Gavin O'Brien | 20 May 2021  

‘Paul Scott wrote that the migrant is always knocking at the window of their past….’ Paul Scott should speak for himself. The old country never felt like home. The new country was home even before it was first experienced on an airport tarmac. The Promised Land, the Great Southland of the Holy Spirit, same place, different hemispheres. The old country still exists, attached to some tectonic plate, and that’s almost all it is, an attachment to some tectonic plate. Some gratitude is owed it, of course, as it cooperated as a conduit of grace from God, and any labourer is worthy of his hire, but, for the most part, it is more an attachment to a tectonic plate than a fleeting thought.

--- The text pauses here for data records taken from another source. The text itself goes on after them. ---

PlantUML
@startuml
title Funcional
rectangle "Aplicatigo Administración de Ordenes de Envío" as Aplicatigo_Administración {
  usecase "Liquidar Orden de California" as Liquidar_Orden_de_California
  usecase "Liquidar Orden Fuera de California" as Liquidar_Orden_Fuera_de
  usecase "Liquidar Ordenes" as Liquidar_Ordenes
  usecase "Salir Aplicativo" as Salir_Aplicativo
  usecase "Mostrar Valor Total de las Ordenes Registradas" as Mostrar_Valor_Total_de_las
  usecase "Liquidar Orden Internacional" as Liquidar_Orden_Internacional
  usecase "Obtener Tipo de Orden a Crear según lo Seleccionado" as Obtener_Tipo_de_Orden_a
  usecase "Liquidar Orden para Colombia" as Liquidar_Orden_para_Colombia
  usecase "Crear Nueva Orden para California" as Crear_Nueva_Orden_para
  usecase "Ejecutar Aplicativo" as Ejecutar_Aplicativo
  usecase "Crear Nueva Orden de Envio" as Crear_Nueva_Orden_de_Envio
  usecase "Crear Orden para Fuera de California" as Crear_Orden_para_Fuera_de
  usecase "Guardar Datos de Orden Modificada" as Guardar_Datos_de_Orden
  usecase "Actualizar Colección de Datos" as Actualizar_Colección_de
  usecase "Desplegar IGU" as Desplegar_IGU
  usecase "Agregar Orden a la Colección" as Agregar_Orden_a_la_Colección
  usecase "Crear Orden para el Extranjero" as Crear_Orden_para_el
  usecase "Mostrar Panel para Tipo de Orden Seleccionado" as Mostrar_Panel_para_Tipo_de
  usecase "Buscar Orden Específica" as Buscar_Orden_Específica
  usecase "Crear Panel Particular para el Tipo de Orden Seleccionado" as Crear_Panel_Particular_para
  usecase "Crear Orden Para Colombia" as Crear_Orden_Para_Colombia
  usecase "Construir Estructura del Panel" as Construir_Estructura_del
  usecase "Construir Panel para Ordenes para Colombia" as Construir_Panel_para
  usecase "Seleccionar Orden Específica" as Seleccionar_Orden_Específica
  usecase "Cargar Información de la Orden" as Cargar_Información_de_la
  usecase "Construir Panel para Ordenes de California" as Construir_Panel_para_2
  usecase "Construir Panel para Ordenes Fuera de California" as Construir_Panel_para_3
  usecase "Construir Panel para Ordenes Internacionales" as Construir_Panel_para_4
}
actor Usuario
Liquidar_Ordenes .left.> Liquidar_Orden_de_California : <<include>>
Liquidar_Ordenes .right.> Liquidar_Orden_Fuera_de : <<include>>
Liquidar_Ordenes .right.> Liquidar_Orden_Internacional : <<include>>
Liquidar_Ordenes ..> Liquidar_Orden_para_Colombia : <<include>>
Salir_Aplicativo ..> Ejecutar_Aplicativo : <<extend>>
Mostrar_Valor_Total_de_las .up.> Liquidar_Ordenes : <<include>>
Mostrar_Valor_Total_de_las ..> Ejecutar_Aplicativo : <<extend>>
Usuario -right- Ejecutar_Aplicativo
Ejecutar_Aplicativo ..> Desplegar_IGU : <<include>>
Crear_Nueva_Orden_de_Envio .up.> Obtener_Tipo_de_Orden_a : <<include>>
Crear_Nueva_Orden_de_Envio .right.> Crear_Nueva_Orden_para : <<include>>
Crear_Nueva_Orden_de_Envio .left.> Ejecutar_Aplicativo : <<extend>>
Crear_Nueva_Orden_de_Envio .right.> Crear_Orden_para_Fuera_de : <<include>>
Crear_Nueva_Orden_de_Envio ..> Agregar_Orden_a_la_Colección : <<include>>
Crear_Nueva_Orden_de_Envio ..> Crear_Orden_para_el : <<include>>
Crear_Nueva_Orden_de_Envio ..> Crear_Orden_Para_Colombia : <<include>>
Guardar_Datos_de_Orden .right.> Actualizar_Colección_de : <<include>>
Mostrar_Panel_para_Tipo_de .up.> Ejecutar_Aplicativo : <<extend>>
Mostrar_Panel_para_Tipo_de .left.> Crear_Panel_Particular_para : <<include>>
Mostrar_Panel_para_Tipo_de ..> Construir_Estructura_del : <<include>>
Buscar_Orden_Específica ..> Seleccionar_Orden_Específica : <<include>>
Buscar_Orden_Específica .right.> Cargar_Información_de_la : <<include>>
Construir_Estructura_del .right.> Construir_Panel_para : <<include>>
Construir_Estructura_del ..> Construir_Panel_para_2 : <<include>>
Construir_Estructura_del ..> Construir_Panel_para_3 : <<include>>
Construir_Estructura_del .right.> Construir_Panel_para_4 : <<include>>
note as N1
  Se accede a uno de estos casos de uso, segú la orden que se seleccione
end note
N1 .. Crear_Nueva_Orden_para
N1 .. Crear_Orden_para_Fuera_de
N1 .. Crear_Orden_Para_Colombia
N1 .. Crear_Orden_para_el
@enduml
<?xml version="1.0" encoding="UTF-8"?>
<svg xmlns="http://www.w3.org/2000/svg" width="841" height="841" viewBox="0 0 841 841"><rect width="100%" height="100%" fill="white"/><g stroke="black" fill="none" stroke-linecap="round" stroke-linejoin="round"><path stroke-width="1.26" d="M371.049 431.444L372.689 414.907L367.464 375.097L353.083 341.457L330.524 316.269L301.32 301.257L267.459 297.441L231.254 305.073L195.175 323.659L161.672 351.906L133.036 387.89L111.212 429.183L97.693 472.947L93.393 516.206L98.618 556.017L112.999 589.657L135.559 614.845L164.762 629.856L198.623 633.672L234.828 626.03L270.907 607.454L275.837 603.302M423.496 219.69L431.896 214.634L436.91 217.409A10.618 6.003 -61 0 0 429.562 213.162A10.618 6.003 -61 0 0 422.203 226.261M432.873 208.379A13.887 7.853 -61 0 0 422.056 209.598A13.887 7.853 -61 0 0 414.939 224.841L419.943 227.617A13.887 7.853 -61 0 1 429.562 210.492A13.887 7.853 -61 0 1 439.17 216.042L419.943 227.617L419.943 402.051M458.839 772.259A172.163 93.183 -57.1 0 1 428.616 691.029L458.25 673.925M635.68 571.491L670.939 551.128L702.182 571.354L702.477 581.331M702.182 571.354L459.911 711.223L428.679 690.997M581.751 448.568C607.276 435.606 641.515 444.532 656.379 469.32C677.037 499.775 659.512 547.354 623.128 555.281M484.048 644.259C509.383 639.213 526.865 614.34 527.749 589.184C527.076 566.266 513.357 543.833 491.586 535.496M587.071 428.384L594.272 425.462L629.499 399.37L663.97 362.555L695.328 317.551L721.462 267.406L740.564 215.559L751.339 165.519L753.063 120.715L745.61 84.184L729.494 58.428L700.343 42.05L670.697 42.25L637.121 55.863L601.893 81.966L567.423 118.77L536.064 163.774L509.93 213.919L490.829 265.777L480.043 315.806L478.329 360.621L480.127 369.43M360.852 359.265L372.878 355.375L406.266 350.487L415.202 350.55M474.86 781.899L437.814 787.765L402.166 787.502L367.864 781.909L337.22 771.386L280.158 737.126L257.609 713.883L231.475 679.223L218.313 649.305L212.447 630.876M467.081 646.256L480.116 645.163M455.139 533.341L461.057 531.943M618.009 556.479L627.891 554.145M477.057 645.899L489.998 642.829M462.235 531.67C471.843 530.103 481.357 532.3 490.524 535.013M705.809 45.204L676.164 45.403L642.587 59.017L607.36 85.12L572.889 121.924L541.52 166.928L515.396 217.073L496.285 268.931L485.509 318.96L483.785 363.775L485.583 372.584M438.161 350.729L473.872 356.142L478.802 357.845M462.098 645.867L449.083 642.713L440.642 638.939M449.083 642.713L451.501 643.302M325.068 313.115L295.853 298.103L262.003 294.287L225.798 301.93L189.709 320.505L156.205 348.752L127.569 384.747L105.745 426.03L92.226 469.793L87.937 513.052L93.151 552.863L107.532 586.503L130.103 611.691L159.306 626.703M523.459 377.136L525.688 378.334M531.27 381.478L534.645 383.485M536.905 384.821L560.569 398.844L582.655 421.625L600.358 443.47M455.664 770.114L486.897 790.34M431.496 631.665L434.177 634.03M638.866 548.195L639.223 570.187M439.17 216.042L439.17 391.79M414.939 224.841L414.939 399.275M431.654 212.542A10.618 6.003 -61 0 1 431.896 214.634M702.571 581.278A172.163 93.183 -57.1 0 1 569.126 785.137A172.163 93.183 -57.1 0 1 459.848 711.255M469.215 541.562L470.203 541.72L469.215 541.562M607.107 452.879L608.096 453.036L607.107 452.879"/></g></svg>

roy chen yee | 21 May 2021  

Dear Gillian, Your account rings so true. My mother, having been separated from her Belgian family from 1938 until we went back in 1952, soon found that places change and you may not fit in. Although she missed her elders and contemporaries, it was in the end her children who anchored her to her new homeland. And, like you, she found much to admire in it.


Juliet | 21 May 2021  

Gavin O'Brien is pretty much close to the centre of the target, as usual. I ofen wonder what took my five times grandfather from Shropshire to service in the Honorable East India Company's Army about the time the First Fleet sailed through the Heads. He was, obviously, not a convict, but all the officers and men of the HEICo were considederd 'dubious' and suspected of leaving the UK just one step head of the Law. Was Joseph Fido doing that? I will never know. In the days of the Raj there was a huge European community in India. A very large part were in the Army, just in case 1857 happened again. That was also the time of the great Irish Famine. Indians looked forward in 1918 to Independence because of their heroic WW 1 War Service. It never happened. When we came to Australia in 1956 it was solidly 'British' but 20 years behind the UK. That's why the likes of Barry Humphries and Germaine Greer went to the UK. I think you were that sort of emigrating Australian, Gillian. We have a huge diaspora and they are doing very well.